Annecy 1914, l'année du cinéma
Par Blousie le samedi 3 mai 2014
Eboulis nuit, fréquence phare, bonsoir.
Bonne arrivée, chers noctamboulis et très chères qui nous rejoignez. Prenez place, la projection va commencer et ce n'est pas la dernière séance.
Comme vous le savez, le Palace cinéma, première salle de cinéma d'Annecy, a ouvert ses portes le 15 novembre 1913. En 2014, la ville d'Annecy fête ainsi 100 ans de cinéma. Siboule, c'est de la folie, comme vous dites, alors, quelle est l'ambiance au Bonlieu en ce moment ?
- Ah Blousie, ici c'est... c'est extraordinaire ! je suis sur l'Ile des cygnes en compagnie d'un charmant jeune homme : Jean Laubé, quelles sont vos sentiments ce soir, à quelques minutes de l'inauguration de votre Palace ?
- Trop de monde. Beaucoup de monde. Il n'y aura pas de place pour tous.
- Pourtant c'est grandiose, vous avez construit une salle immense.
- Ah ça oui. Beaucoup plus grande que le jardin de mon café cinéma à Chambéry.
- Vous avez créé l'Eden cinéma en 1906. Maintenant, vous venez à Annecy.
- Oui, pour satisfaire la curiosité et l'enthousiasme des gens. Je leur ai construit un temple du cinéma où ils seront à l'abri de la pluie. Ils pourront rêver sans être dérangés.
- Mais c'est fantastique ! Et qu'allez-vous offrir aux Annéciens cette année, Jean Laubé ?
- Du cinéma des familles, ma chère Siboule, Max, Fantômas...
- Vous avez entendu, Blousie, il a dit ma chère Siboule, quel bel homme.
Nous avons entendu, Siboule. En barque ou en pédalo, pensez à revenir à notre époque.
Alors que Méliès fait faillite en 1914, Léon Gaumont, Charles Pathé et Eclair développent l'industrie du cinéma, l'industrie du rêve. C'est la fin du cinéma artisanal et du théâtre filmé. Le cinéma de forains disparaît petit à petit, au profit des salles de cinéma permanent. Depuis 1906 les Américains ouvrent des centaines de salles de cinéma dans les grandes villes, à la suite du Nikelodeon de Pittsburgh (96 chaises). En 1911, le Gaumont Palace à Paris est la plus grande salle de cinéma du monde (3 400 places). A Lyon, le nombre de salles est passé de 5 en 1905 à 39 en 1914, pour un total d'environ 15 000 places. A Marseille, on est passé de 4 en 1909 à 32 salles en 1914.
Les films évoluent du court au long métrage, qui s'impose à partir de 1913. Le cinéma mondial est encore français, avant que la grosse machine américaine finisse par l'emporter, dès 1915.
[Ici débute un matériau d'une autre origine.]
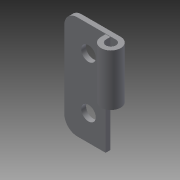
# Autodesk Inventor part: 2838_left
Saved by Autodesk Inventor 2014 SP2 (Build 180246200, 246)
## iProperties
Created: 2018-07-20
Part Number: 2838_left
Material: Generic
Catalog Web Link: www.cadenas.de
Description: 2830, 2831, 2832, 2833, 2835, 2836, 2837, 2838, 2839, 2840, 2841, 2842, 2830-Black, 2831-Black, 2832-Black, 2833-Black, 2835-Black, 2836-Black, 2837-Black, 2838-Black, 2839-Black, 2840-Black, 2841-Black, 2842-Black_left-Economy Lift-Off Hinges
Vendor: 8020
Document SubType Name: Modeling
Designer: psadmin
Manufacturer: 8020
Mass: 3.6839 g
Surface Area: 36.6433 cm^2
Volume: 3.6839 cm^3
Density: 1 g/cm^3
Appearance: PSOLRGB-191-191-191
Category: PARTsolutions
Company: 8020
Title: 2838_left
Author: Cadenas PARTsolutions
Comments: Economy Lift-Off Hinges
PSOL_IDENT_0: {$CADENAS_DATA\23d-libs\8020\inch\panels_and_doors\2830_left.prj},382 {VTYP=3D},{NB=2838_left},{LINA=
PSOL_IDENT_1: 2838_left},{NN=2830, 2831, 2832, 2833, 2835, 2836, 2837, 2838, 2839, 2840, 2841, 2842, 2830-Black, 2
PSOL_IDENT_2: 831-Black, 2832-Black, 2833-Black, 2835-Black, 2836-Black, 2837-Black, 2838-Black, 2839-Black, 2840-
PSOL_IDENT_3: Black, 2841-Black, 2842-Black_left},{DATE=16.03.2018 08:23:49},{GEOMDATE=20.11.2017 20:37:10},{VERSI
PSOL_IDENT_4: ON=},{LINEID=10},{WBVAR=TYPE,FINISH},{WBNUMERIC=}  {NB=2838_left},{LINA=2838_left},{KT=DUMMY},{PN=28
PSOL_IDENT_5: 38},{SERIES=10 Series},{TYPE=5},{MAT=Aluminum},{FINISH=CA},{A=2.000},{B=1.000},{C=1.000},{D=0.531},{
PSOL_IDENT_6: E=0.281},{F=0.500},{G=0.195},{H=0.187},{J=0.093},{K=0.062},{CAP=40},{R=0.381},{P=0.009},{NO=8},{CLR=
PSOL_IDENT_7: .75,.75,.75}
NN: 2830, 2831, 2832, 2833, 2835, 2836, 2837, 2838, 2839, 2840, 2841, 2842, 2830-Black, 2831-Black, 2832-Black, 2833-Black, 2835-Black, 2836-Black, 2837-Black, 2838-Black, 2839-Black, 2840-Black, 2841-Black, 2842-Black_left
NT: Economy Lift-Off Hinges
NB: 2838_left
NBSYN: $PN._left
LINA: 2838_left
PN: 2838
SERIES: 10 Series
TYPE: Right Hinge Long Pin
MAT: Aluminum
FINISH: Clear Anodize
A: 2
B: 1
C: 1
D: 0.531
E: 0.281
F: 0.5
G: 0.195
H: 0.187
J: 0.093
K: 0.062
CAP: 40
R: 0.381
SUPPLIER: 8020
ARTICLENO: 2838_left
BOMINFO: 2838_left
CREATOR: CADENAS GmbH
Autodesk Inventor part; units mm, degrees
sketch "Sketch_1" plane through (0, 0, 0) normal (0, 1, 0) x (-1, 0, 0)
  line L0 (25.4, 0) -> (25.4, 2.3622)
  line L1 (25.4, 2.3622) -> (0, 2.3622)
  arc A0 (2.4765, 4.8387) -> (0, 2.3622) centre (0, 4.8387) ccw
  line L2 (2.4765, 4.8387) -> (2.4765, 2.5527)
  line L3 (2.4765, 2.5527) -> (4.8387, 2.5527)
  line L4 (4.8387, 2.5527) -> (4.8387, 4.8387)
  arc A1 (4.8387, 4.8387) -> (0, 0) centre (0, 4.8387) ccw
  line L5 (0, 0) -> (25.4, 0)
  constraints: 12 end point, 4 point on circle, 2 centre point
extrude "Extrusion1" add sketch "Sketch_1" along normal mid plane 50.8
sketch "Sketch_3" plane through (0, 0, 0) normal (0, 0, 1) x (1, 0, 0)
  line L0 (-50.8, 50.8) -> (-50.8, -50.8)
  line L1 (-50.8, -50.8) -> (25.4, -50.8)
  line L2 (25.4, -50.8) -> (25.4, 50.8)
  line L3 (25.4, 50.8) -> (-50.8, 50.8)
  arc A0 (-25.4, -19.05) -> (-19.05, -25.4) centre (-19.05, -19.05) ccw
  line L4 (-19.05, -25.4) -> (-5.0673, -25.4)
  line L5 (-5.0673, -25.4) -> (-5.0673, 0.0254)
  line L6 (-5.0673, 0.0254) -> (12.7, 0.0254)
  line L7 (12.7, 0.0254) -> (12.7, 25.4)
  line L8 (12.7, 25.4) -> (-19.05, 25.4)
  arc A1 (-19.05, 25.4) -> (-25.4, 19.05) centre (-19.05, 19.05) ccw
  line L9 (-25.4, 19.05) -> (-25.4, -19.05)
  constraints: 20 end point, 4 point on circle, 2 centre point
extrude "Extrusion2" cut sketch "Sketch_3" along normal mid plane 25.4
sketch "Sketch_4" plane through (0, 0, 0) normal (0, 0, 1) x (1, 0, 0)
  circle A0 centre (-13.4874, 12.7) radius 3.5687
  constraints: 1 centre point
extrude "Extrusion3" cut sketch "Sketch_4" along normal mid plane 4.7244
sketch "Sketch_5" plane through (0, 0, 0) normal (0, 0, 1) x (1, 0, 0)
  circle A0 centre (-13.4874, -12.7) radius 3.5687
  constraints: 1 centre point
extrude "Extrusion4" cut sketch "Sketch_5" along normal mid plane 4.7244
ref_plane "to_dummy_XY" through (0, 0, 0) normal (0, -1, 0) x (1, 0, 0)
ref_plane "to_dummy_YZ" through (0, 0, 0) normal (1, 0, 0) x (0, 0, 1)
ref_plane "to_dummy_ZX" through (0, 0, 0) normal (0, 0, 1) x (0, -1, 0)
ref_plane "to_pin_XY" through (0, -25.4, 4.8387) normal (0, -1, 0) x (1, 0, 0)
ref_plane "to_pin_YZ" through (0, -25.4, 4.8387) normal (1, 0, 0) x (0, 0, 1)
ref_plane "to_pin_ZX" through (0, -25.4, 4.8387) normal (0, 0, 1) x (0, -1, 0)
ref_plane "to_right_XY" through (0, 0, 4.8387) normal (0, -1, 0) x (1, 0, 0)
ref_plane "to_right_YZ" through (0, 0, 4.8387) normal (1, 0, 0) x (0, 0, 1)
ref_plane "to_right_ZX" through (0, 0, 4.8387) normal (0, 0, 1) x (0, -1, 0)
body "Solid1"

En 1914, on projette Le prisonnier de Zenda, d'Edwin Stratton Porter, film de cap et d'épées sorti en 1913. On va voir les films de Maurice Tourneur : Le mystère de la chambre jaune, sorti en 1913, et Monsieur Lecoq, un policier avec Harry Baur, sorti en 1914. Fantômas contre Fantômas terrorise Paris et la Province. C'est un film de Louis Feuillade (59 mn) avec Georges Melchior (le journaliste Fandor) et René Navarre (Fantômas). Le premier Fantômas est sorti l'année précédente.
Fantômas, À l'ombre de la guillotine, de Louis Feuillade (1913)
En 1914, The Virginian (50 mn) et The Squaw Man (le mari de l'indienne) de Cecil B DeMille, westerns avec Dustin Farnum. The Spoilers (Les forbans), western de Colin Campbell avec William Farnum. Et puis et puis, l'incroyable péplum Cabiria de Giovanni Pastrone (180 mn).
Voilà, c'était notre commémoration de 1914. Merci chers noctamboulis de nous avoir suivis jusqu'au fond de la nuit. Je vous laisse en compagnie de Max Linder et Harold Lloyd. Il faudra encore attendre Buster Keaton et plus encore Laurel et Hardy. Dormez tranquille, Robert Wiene, Fritz Lang et Friedrich Wilhelm Murnau n'ont pas encore tourné Le cabinet du Docteur Caligari, Le docteur Mabuse, Nosferatu le vampire.
Ceux et celles qui souhaitent prolonger leur rêverie pourront lire avec profit l'excellent livre publié aux éditions TAMBAO : Un autre livre. Dans l'une des 3 histoires, Jacques Bouchut met en scène un personnage qui évoque l'itinéraire de son arrière-grand-père Jean Laubé, l'un des premiers exploitants de cinéma.
Eboulis pour la nuit, faites de beaux rêves.